Thanks for the kind words. I'm 23, have been doing cabinetmaking for 5 years come the new year and I'm currently in my 3rd year of college. As far as woodworking I started in junior high and loved it. Wood shop was my highest mark until I graduated high school, cant say I'm much of a writer or history buff haha. Although I did like math and science.


----------



## MikeS (Dec 31, 2009)

I really like the leg joinery. Hope to give that joinery a try one day.


----------



## DWalls11 (Nov 1, 2011)

I was fortunate that my instructor allowed us to come in for a few hours today. I didn't get as much done as I had hoped but still happy with my progress. I milled up all my pieces for mounting the top which I clamped up yesterday. I assembled them and attached them to the frame. Cut the groove in my drawers, I still have to chisel them on the fronts and back because I had to do a stop dado. On Monday I will cut the bottoms to fit and clamp them up. I attached a photo of how all the mitres were cut.


----------



## DWalls11 (Nov 1, 2011)

Almost finished.... Just a few coats of lacquer to spray tomorrow. I ended up having to remake some pieces for my drawers which set me back a day. I put one coat of clear natural tung oil on today.


----------



## Dominick (May 2, 2011)

Wow!!!! Now that's custom woodworking at its finest. Great joinery,inlays your attention to detail is spot on. Good job


----------



## DWalls11 (Nov 1, 2011)

Dominick said:


> Wow!!!! Now that's custom woodworking at its finest. Great joinery,inlays your attention to detail is spot on. Good job


Thanks Dominick, 
I can't wait to put the final coat on it. I almost don't want to give it to my brother for Christmas... But I guess I can always build another one.


----------



## Dominick (May 2, 2011)

Does your brother know you built this table for him? If not then get him something else hahahahaha hehehehehe. 
Ba humba.


----------



## rayking49 (Nov 6, 2011)

Awesome work.


----------



## Fudwrecker (Jan 27, 2011)

Wow - this thing just keeps getting better
Your brother and family going to get a heirloom for sure - and his grandkid - and their grandkids.......


----------



## Texas Sawduster (Apr 27, 2009)

*Wow !!!*

Amazing !!!!
Great job !!! :thumbsup::thumbsup:


----------



## Chaincarver Steve (Jul 30, 2011)

Man, what awesome joinery on the corners. And what a beautiful table. That's some really top notch work there.


----------



## DWalls11 (Nov 1, 2011)

Thanks for the comments everyone. I'm really proud of this piece and I can honestly say its the nicest table I have designed and built yet. I learnt a lot on this project and my skills are only excelling. The mark I received on this was 93% and my personal best so far but next year my goal is to beat that.


----------



## Michael A. (Dec 9, 2011)

Eccellent craftsmanship Mr. Walls, take a bow you deserve it!!!


----------



## haugerm (Nov 19, 2009)

DWalls11 said:


> Thanks for the comments everyone. I'm really proud of this piece and I can honestly say its the nicest table I have designed and built yet. I learnt a lot on this project and my skills are only excelling. The mark I received on this was 93% and my personal best so far but next year my goal is to beat that.

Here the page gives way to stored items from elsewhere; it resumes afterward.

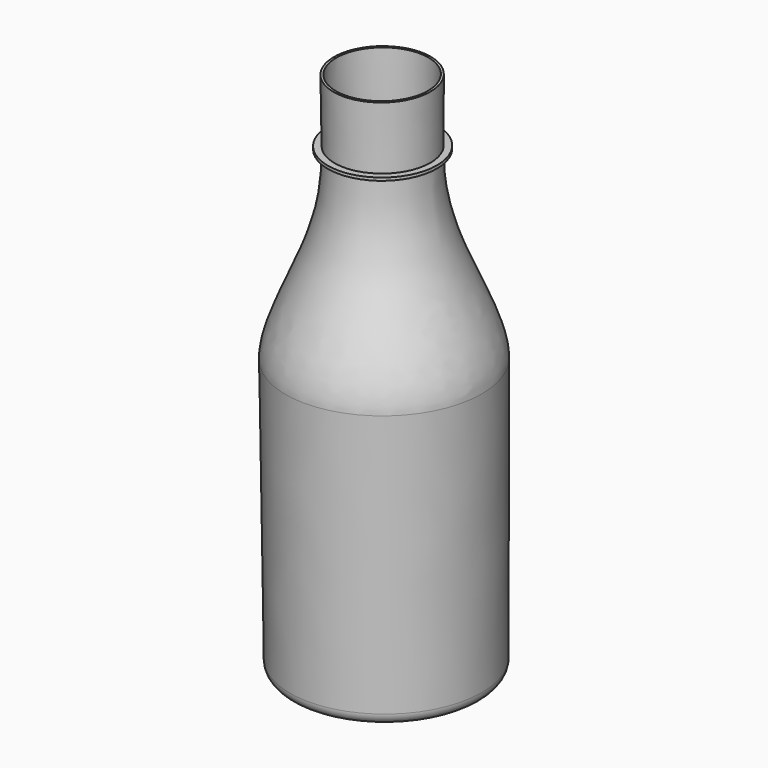
from build123d import *

# Parameters (mm, degrees)
F0_W = 2.1742532432
F0_H = 0.9419020339


# Not quite as in the source:
# - ends of sketch curves that miss each other by under 0.0002 mm in the source are joined
# - the dataset's text gives a spline's control points without its knots; the knots are read off the source's solid


with BuildPart() as f1:
    # F0 (on Front) → F1 (revolve)
    with BuildSketch(Plane.XZ):
        with BuildLine():
            Line((30.5, 90), (30.5, 4.1842871582))
            ThreePointArc((30.5, 4.1842871582), (29.2386865937, 1.7395031332), (26.5153540474, 1.3504783524))
            add(Edge.make_bspline(
                [(28.6535172577, 0.6161086402), (27.9351354208, 0.8594614999), (27.2238062641, 1.1043168589), (26.5153540474, 1.3504783524)],
                knots=[0.0654689301, 0.0654689301, 0.0654689301, 0.0654689301, 0.1426249603, 0.1426249603, 0.1426249603, 0.1426249603], degree=3))
            ThreePointArc((28.6535172577, 0.6161086402), (30.5321765876, 1.9778408883), (31.25, 4.1842871582))
            Line((31.25, 4.1842871582), (31.25, 90.000003855))
            add(Edge.make_bspline(
                [(31.25, 90.000003855), (31.2499948057, 91.0105522306), (31.0401649353, 93.1352024306), (29.9495012867, 97.7430729313), (27.5987257036, 104.0623990971), (24.0115192635, 112.0918752945), (20.4584738513, 120.0703885968), (17.7582794948, 127.4728481178), (15.2441676605, 137.0543853988), (14.4983428208, 144.4691488625), (14.4499999999, 150.0032696799)],
                knots=[0, 0, 0, 0, 0.0625, 0.125, 0.25, 0.375, 0.5, 0.625, 0.75, 0.9999509591, 0.9999509591, 0.9999509591, 0.9999509591], degree=3))
            Line((14.45, 150.0032696799), (14.45, 150.9451717138))
            Line((14.45, 150.9451717138), (14.45, 171.3955121697))
            Line((14.45, 171.3955121697), (13.7, 171.3955121697))
            Line((13.7, 171.3955121697), (13.7, 150))
            add(Edge.make_bspline(
                [(30.5, 90), (30.4999601958, 97.7439469245), (17.5798622294, 121.2385566117), (13.7960969357, 138.9584630881), (13.7, 150)],
                knots=[0, 0, 0, 0, 0.5049991048, 1, 1, 1, 1], degree=3))
        make_face()
        with BuildLine():
            add(Edge.make_bspline(
                [(28.6535172577, 0.6161086402), (27.9351354208, 0.8594614999), (27.2238062641, 1.1043168589), (26.5153540474, 1.3504783524)],
                knots=[0.0654689301, 0.0654689301, 0.0654689301, 0.0654689301, 0.1426249603, 0.1426249603, 0.1426249603, 0.1426249603], degree=3))
            add(Edge.make_bspline(
                [(26.5153540474, 1.3504783524), (23.505060911, 2.3964462197), (15.7684223832, 5.1935195764), (6.1960769817, 8.0488463864), (0, 8)],
                knots=[0.1426249603, 0.1426249603, 0.1426249603, 0.1426249603, 0.4704696092, 1, 1, 1, 1], degree=3))
            Line((0, 8), (0.0059123945, 7.2500233046))
            add(Edge.make_bspline(
                [(26.2691917605, 0.6420238521), (25.2813726049, 0.9852492871), (23.1576852685, 1.73281816), (20.4345242005, 2.6915237158), (18.0535614936, 3.508219), (15.6035591078, 4.32926986), (12.4109579359, 5.3369129826), (7.0731993079, 6.7140944287), (2.8622270402, 7.272540883), (0.0059123945, 7.2500233046)],
                knots=[0.1426251828, 0.1426251828, 0.1426251828, 0.1426251828, 0.25, 0.375, 0.4375, 0.5, 0.625, 0.75, 1, 1, 1, 1], degree=3))
            ThreePointArc((26.2691917605, 0.6420238521), (27.4592400633, 0.4345086811), (28.6535172577, 0.6161086402))
        make_face()
        with Locations((15.5371266216, 150.4742206969)):
            Rectangle(F0_W, F0_H)
    revolve(axis=Axis((0.0029561972, 0, 7.6250116523), (0.0078831927, 0, -0.9999689272)))


solid = f1.part

What the hell? That beautiful table seems like it should be more than 93% to me. What on earth did they mark you down on?
--Matt


----------



## DWalls11 (Nov 1, 2011)

haugerm said:


> What the hell? That beautiful table seems like it should be more than 93% to me. What on earth did they mark you down on?
> --Matt


I lost marks for not reflecting changes I made during construction on my blueprint and a few sanding errors.


----------



## Chaincarver Steve (Jul 30, 2011)

I was about to ask how this could have possibly scored that 'low' and just how incredible must a piece be to score a high A. But you took a beating on technicalities, which is a real shame. If you were judged only on the final product itself I'd be upset if you got anything less than a near-perfect score. As is, I'm disappointed. I mean, that table is incredible. It deserves a higher grade.


----------



## DWalls11 (Nov 1, 2011)

Chaincarver Steve said:


> I was about to ask how this could have possibly scored that 'low' and just how incredible must a piece be to score a high A. But you took a beating on technicalities, which is a real shame. If you were judged only on the final product itself I'd be upset if you got anything less than a near-perfect score. As is, I'm disappointed. I mean, that table is incredible. It deserves a higher grade.


Thanks I appreciate it. It really just motivates me to work harder and improve my skills so I can get a higher mark. I like a challenge and this piece was a real good one for me because I had never done most of the key features of this table. I look forward to designing more furniture and figuring out the best and most efficient way to build.


----------



## gstanfield (Dec 23, 2011)

Very nice table, you should be proud as I'm sure the future recipient will be. As to the score, it sounds like you were more focused on the end product that following all the little trechnicalities of the assignment. I'm not bashing you for this, but if that is the case I can understand your instructor's reasoning. 

Regardless, it's a million times better than anything I can come up with and I am thankful you shared it with us


----------



## grottolord (Dec 29, 2011)

This guy is "Hard Core"
Very challenging aspects of all steps,,, Great Job, be proud of your work,,, its easy to see you are,,,,
I want to have your workshop!!!!!!!!!!!!
Mike


----------



## DWalls11 (Nov 1, 2011)

Thanks for the comments guys. I too wish to have a workshop like that haha. Sadly it will be while before I build anything as nice as this. I hope build one for myself using walnut as the primary wood and maple accents. I have to finish renovating my house before I build furniture. I will be able to take more pictures and explain things more as I won't be under a timeline.


----------